Because MT-bugs so highly depend on the exact timing of the code running Heisenberg's "Uncertainty principle" comes in here: If you want to test for MT bugs you change the timing by your "measures" which may prevent the bug from occurring...

The timing thing is what makes MT bugs so highly non-deterministic.In other words: You may have a software that runs for months and then crashes some day and after that may run for years. If you don't have some debug logs/core dumps etc. you may never know why it crashes.

So my conclusion is: There is no really good way to Unit-Test for thread-safety. You always have to keep your eyes open when programming.

To make this clear I will give you a (simplified) example from real life (I encountered this when changing my employer and looking on the existing code there):

Imagine you have a class. You want that class to automatically deleted if no-one uses it anymore. So you build a reference-counter into that class:(I know it is a bad style to delete an instance of a class in one of it's methods. This is because of the simplification of the real code which uses a Ref class to handle counted references.)

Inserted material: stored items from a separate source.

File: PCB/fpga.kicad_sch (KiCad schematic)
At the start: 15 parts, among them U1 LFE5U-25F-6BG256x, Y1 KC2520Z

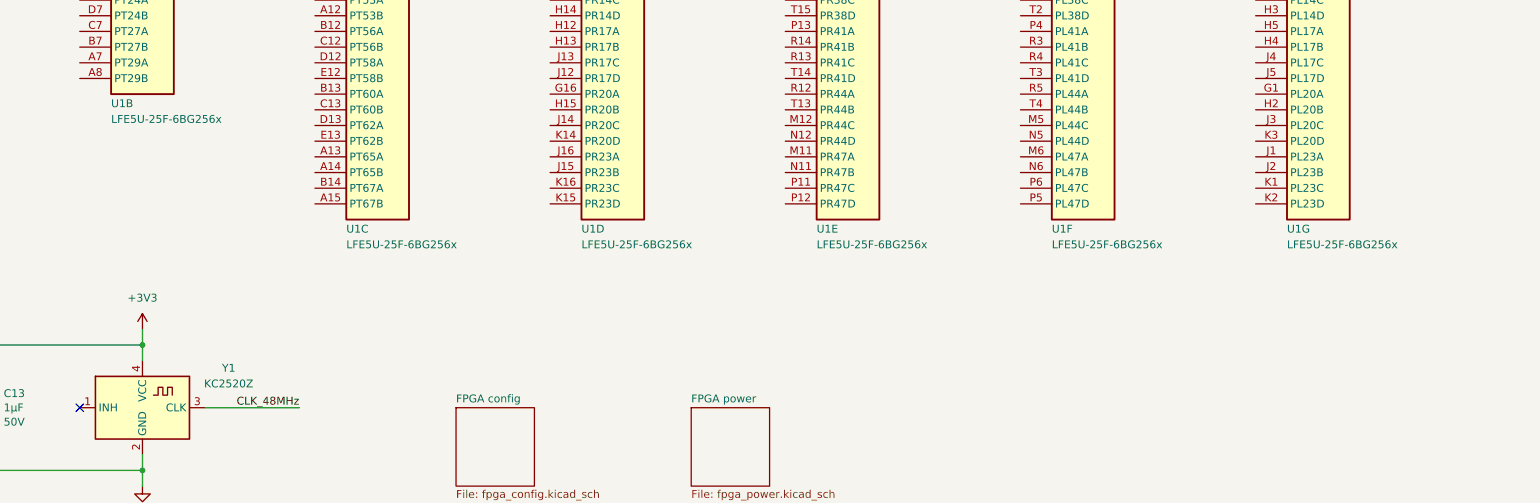
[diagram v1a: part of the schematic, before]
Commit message: Add power supplies
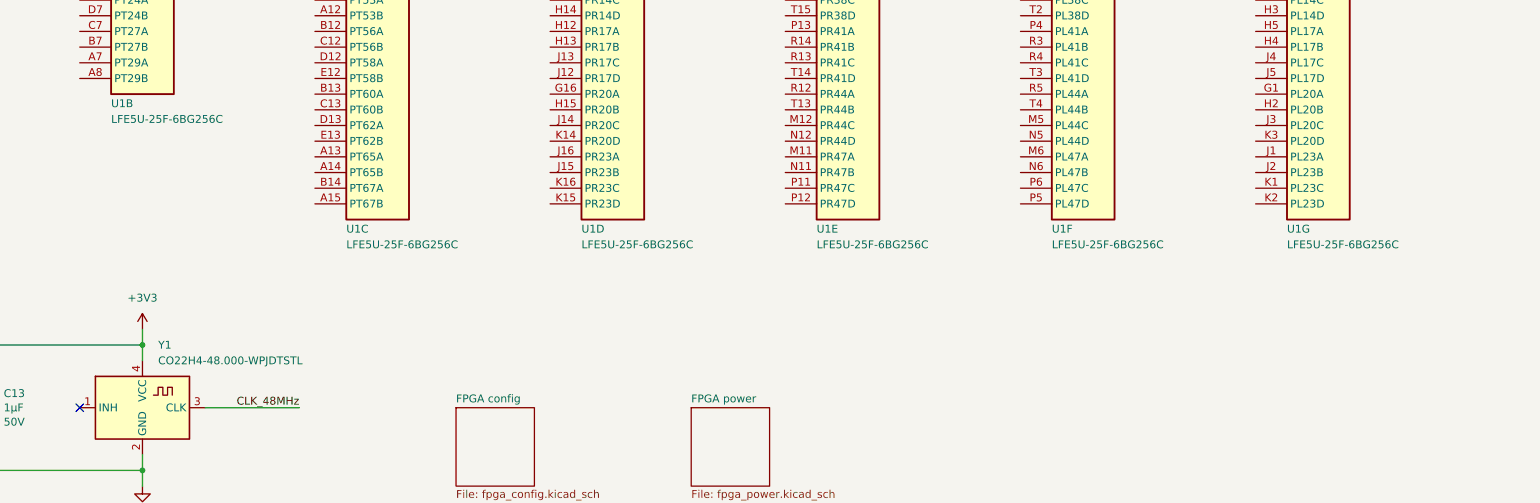
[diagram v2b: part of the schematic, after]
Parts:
- C1, C11, C13, C3, C5, C7, C9: footprint Capacitor_SMD:C_0603_1608Metric -> Capacitor_SMD:C_0402_1005Metric_Pad0.74x0.62mm_HandSolder; LCSC (none) -> C1518208; Part_number C1608X5R1H105K080AB -> GRM155R61H105KE05D
- C10, C12, C2, C4, C6, C8: footprint Capacitor_SMD:C_0603_1608Metric -> Capacitor_SMD:C_0402_1005Metric_Pad0.74x0.62mm_HandSolder; LCSC (none) -> C77020; Part_number C1608X5R1H104K080AA -> GRM155R71H104KE14D
- U1: value LFE5U-25F-6BG256x -> LFE5U-25F-6BG256C; LCSC (none) -> C1521614; Part_number (none) -> LFE5U-25F-6BG256C
- Y1: value KC2520Z -> CO22H4-48.000-WPJDTSTL; LCSC (none) -> C3034286; Part_number (none) -> CO22H4-48.000-WPJDTSTL

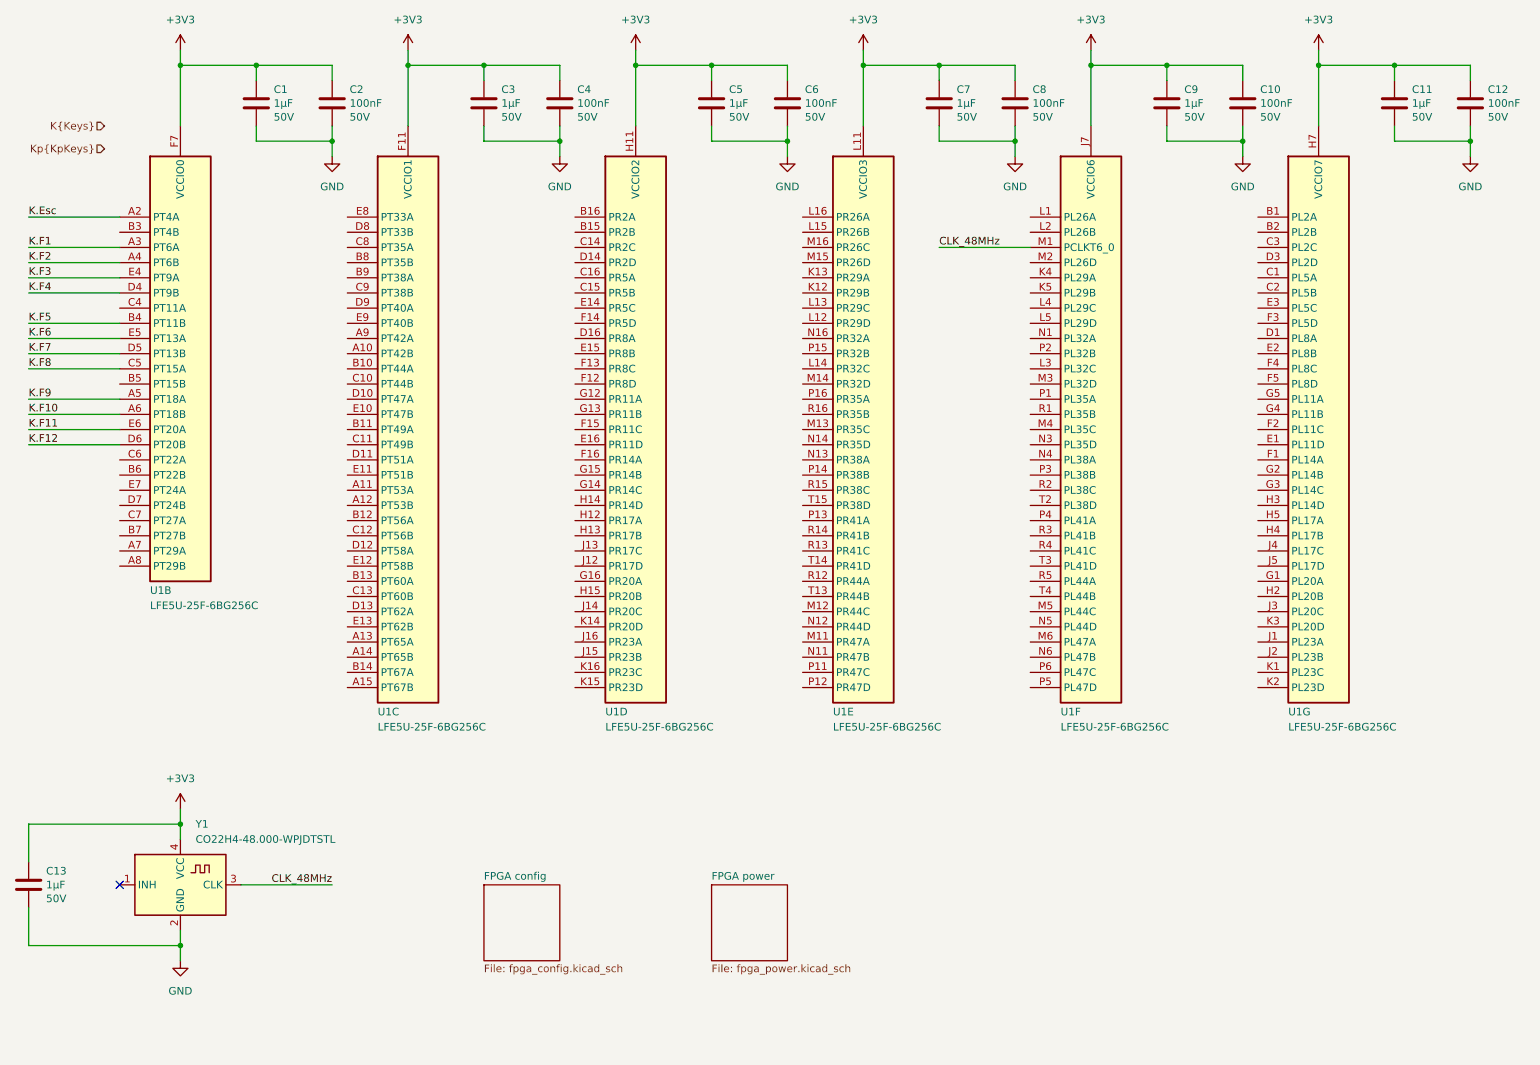
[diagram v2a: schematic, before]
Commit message: Add a USB hub
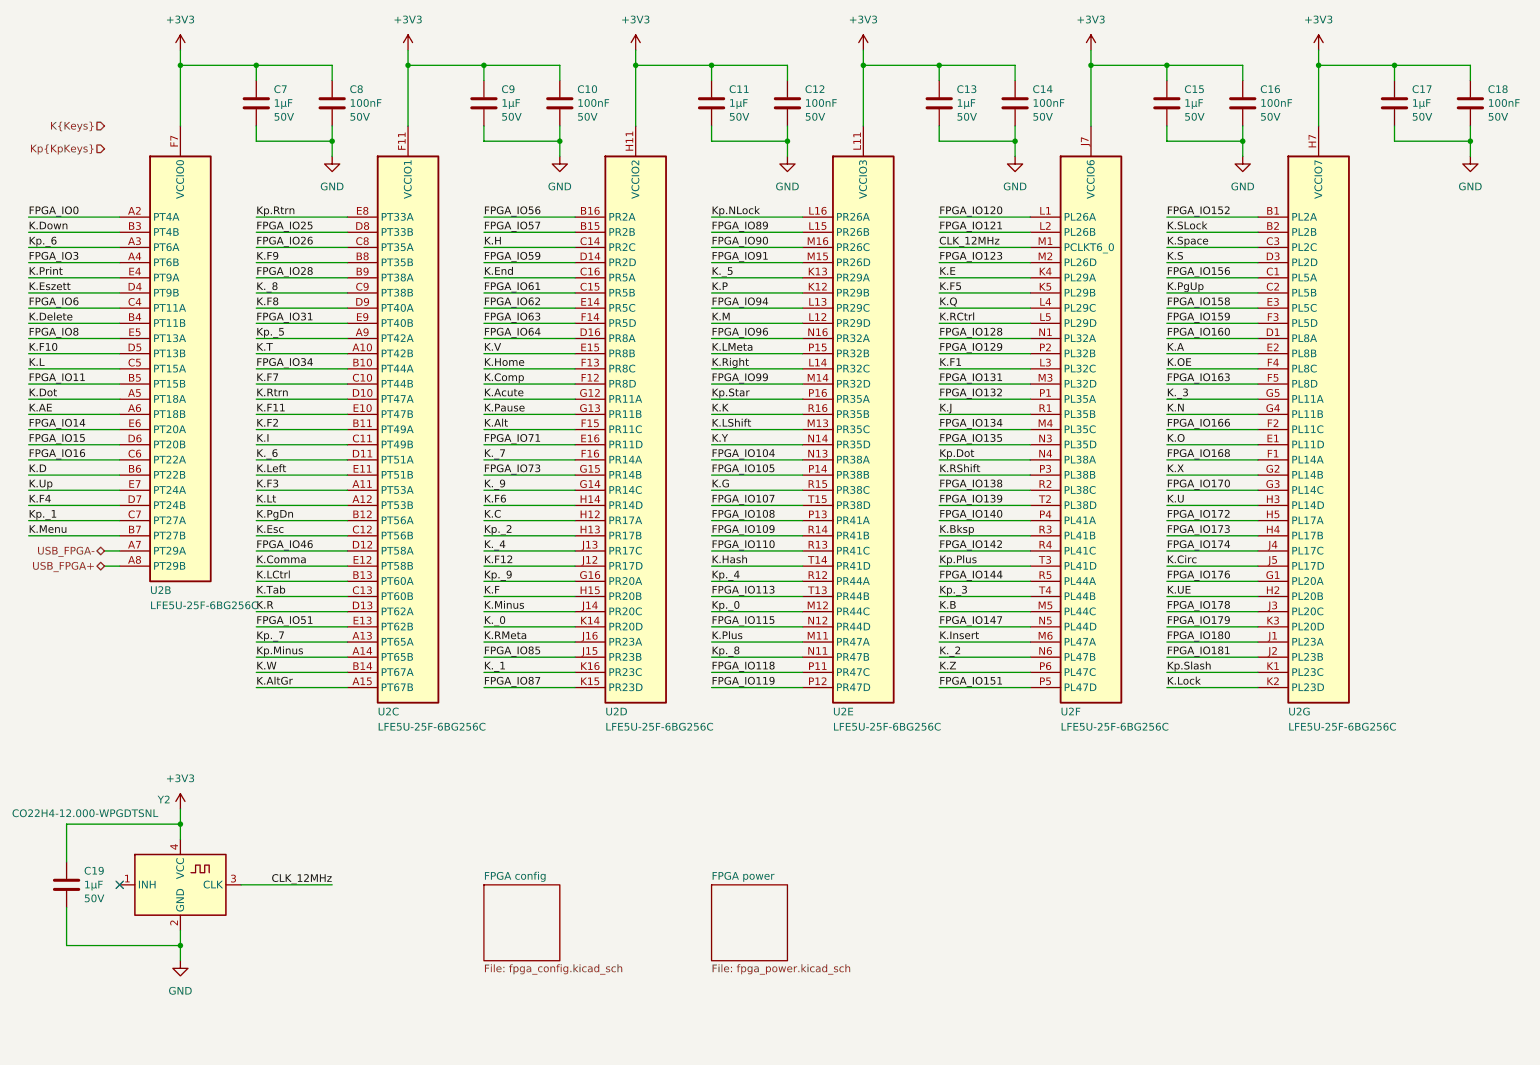
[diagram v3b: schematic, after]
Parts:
- removed Y1: CO22H4-48.000-WPJDTSTL, Oscillator:Oscillator_SMD_Kyocera_KC2520Z-4Pin_2.5x2.0mm, symbol Oscillator:KC2520Z
- added Y2: CO22H4-12.000-WPGDTSNL, Oscillator:Oscillator_SMD_Kyocera_KC2520Z-4Pin_2.5x2.0mm, symbol Oscillator:KC2520Z
- renumbered C4 to C10, C5 to C11, C6 to C12, C7 to C13, C8 to C14, C9 to C15, C10 to C16, C11 to C17, C12 to C18, C13 to C19, C1 to C7, C2 to C8, C3 to C9, U1 to U2
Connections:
- net +3V3: now also Y2.4 (VCC)
- net GND: now also Y2.2 (GND)
- net K.Esc: now also U2.C12 (PT56B); no longer U2.A2 (PT4A)
- net K.F1: now also U2.L3 (PL32C); no longer U2.A3 (PT6A)
- net K.F10: now also U2.D5 (PT13B); no longer U2.A6 (PT18B)
- net K.F11: now also U2.E10 (PT47B); no longer U2.E6 (PT20A)
- net K.F12: now also U2.J12 (PR17D); no longer U2.D6 (PT20B)
- net K.F2: now also U2.B11 (PT49A); no longer U2.A4 (PT6B)
- net K.F3: now also U2.A11 (PT53A); no longer U2.E4 (PT9A)
- net K.F4: now also U2.D7 (PT24B); no longer U2.D4 (PT9B)
- net K.F5: now also U2.K5 (PL29B); no longer U2.B4 (PT11B)
- net K.F6: now also U2.H14 (PR14D); no longer U2.E5 (PT13A)
- net K.F7: now also U2.C10 (PT44B); no longer U2.D5 (PT13B)
- net K.F8: now also U2.D9 (PT40A); no longer U2.C5 (PT15A)
- net K.F9: now also U2.B8 (PT35B); no longer U2.A5 (PT18A)
- net FPGA_IO152: now reaches U2.B1 (PL2A)
- net K.SLock: now reaches U2.B2 (PL2B)
- net FPGA_IO156: now reaches U2.C1 (PL5A)
- net K.PgUp: now reaches U2.C2 (PL5B)
- net K.Space: now reaches U2.C3 (PL2C)
- net FPGA_IO160: now reaches U2.D1 (PL8A)
- net K.S: now reaches U2.D3 (PL2D)
- net K.O: now reaches U2.E1 (PL11D)
- net K.A: now reaches U2.E2 (PL8B)
- net FPGA_IO158: now reaches U2.E3 (PL5C)
- net FPGA_IO168: now reaches U2.F1 (PL14A)
- net FPGA_IO166: now reaches U2.F2 (PL11C)
- net FPGA_IO159: now reaches U2.F3 (PL5D)
- net K.OE: now reaches U2.F4 (PL8C)
- net FPGA_IO163: now reaches U2.F5 (PL8D)
- net FPGA_IO176: now reaches U2.G1 (PL20A)
- net K.X: now reaches U2.G2 (PL14B)
- net FPGA_IO170: now reaches U2.G3 (PL14C)
- net K.N: now reaches U2.G4 (PL11B)
- net K._3: now reaches U2.G5 (PL11A)
- net K.UE: now reaches U2.H2 (PL20B)
- net K.U: now reaches U2.H3 (PL14D)
- net FPGA_IO173: now reaches U2.H4 (PL17B)
- net FPGA_IO172: now reaches U2.H5 (PL17A)
- net FPGA_IO180: now reaches U2.J1 (PL23A)
- net FPGA_IO181: now reaches U2.J2 (PL23B)
- net FPGA_IO178: now reaches U2.J3 (PL20C)
- net FPGA_IO174: now reaches U2.J4 (PL17C)
- net K.Circ: now reaches U2.J5 (PL17D)
- net Kp.Slash: now reaches U2.K1 (PL23C)
- net K.Lock: now reaches U2.K2 (PL23D)
- net FPGA_IO179: now reaches U2.K3 (PL20D)
- net K.E: now reaches U2.K4 (PL29A)
- net FPGA_IO120: now reaches U2.L1 (PL26A)
- net FPGA_IO121: now reaches U2.L2 (PL26B)
- net K.Q: now reaches U2.L4 (PL29C)
- net K.RCtrl: now reaches U2.L5 (PL29D)
- net FPGA_IO123: now reaches U2.M2 (PL26D)
- net FPGA_IO131: now reaches U2.M3 (PL32D)
- net FPGA_IO134: now reaches U2.M4 (PL35C)
- net K.B: now reaches U2.M5 (PL44C)
- net K.Insert: now reaches U2.M6 (PL47A)
- net FPGA_IO128: now reaches U2.N1 (PL32A)
- net FPGA_IO135: now reaches U2.N3 (PL35D)
- net Kp.Dot: now reaches U2.N4 (PL38A)
- net FPGA_IO147: now reaches U2.N5 (PL44D)
- net K._2: now reaches U2.N6 (PL47B)
- net FPGA_IO132: now reaches U2.P1 (PL35A)
- net FPGA_IO129: now reaches U2.P2 (PL32B)
- net K.RShift: now reaches U2.P3 (PL38B)
- net FPGA_IO140: now reaches U2.P4 (PL41A)
- net FPGA_IO151: now reaches U2.P5 (PL47D)
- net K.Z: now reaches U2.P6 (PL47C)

class A {  private:    int refcount;  public:    A() : refcount(0) {    }    void Ref() {      refcount++;    }    void Release() {      refcount--;      if (refcount == 0) {        delete this;      }    }};

This seams pretty simple and nothing to worry about. But this is not thread-safe!It's because "refcount++" and "refcount--" are not atomic operations but both are three operations:

  • read refcount from memory to register
  • increment/decrement register
  • write refcount from register to memory

Each of those operations can be interrupted and another thread may, at the same time manipulate the same refcount. So if for example two threads want to incremenet refcount the following COULD happen:

  • Thread A: read refcount from memory to register (refcount: 8)
  • Thread A: increment register
    • CONTEXT CHANGE -
  • Thread B: read refcount from memory to register (refcount: 8)
  • Thread B: increment register
  • Thread B: write refcount from register to memory (refcount: 9)
    • CONTEXT CHANGE -
  • Thread A: write refcount from register to memory (refcount: 9)

So the result is: refcount = 9 but it should have been 10!

This can only be solved by using atomic operations (i.e. InterlockedIncrement() & InterlockedDecrement() on Windows).

This bug is simply untestable! The reason is that it is so highly unlikely that there are two threads at the same time trying to modify the refcount of the same instance and that there are context switches in between that code.

But it can happen! (The probability increases if you have a multi-processor or multi-core system because there is no context switch needed to make it happen).It will happen in some days, weeks or months!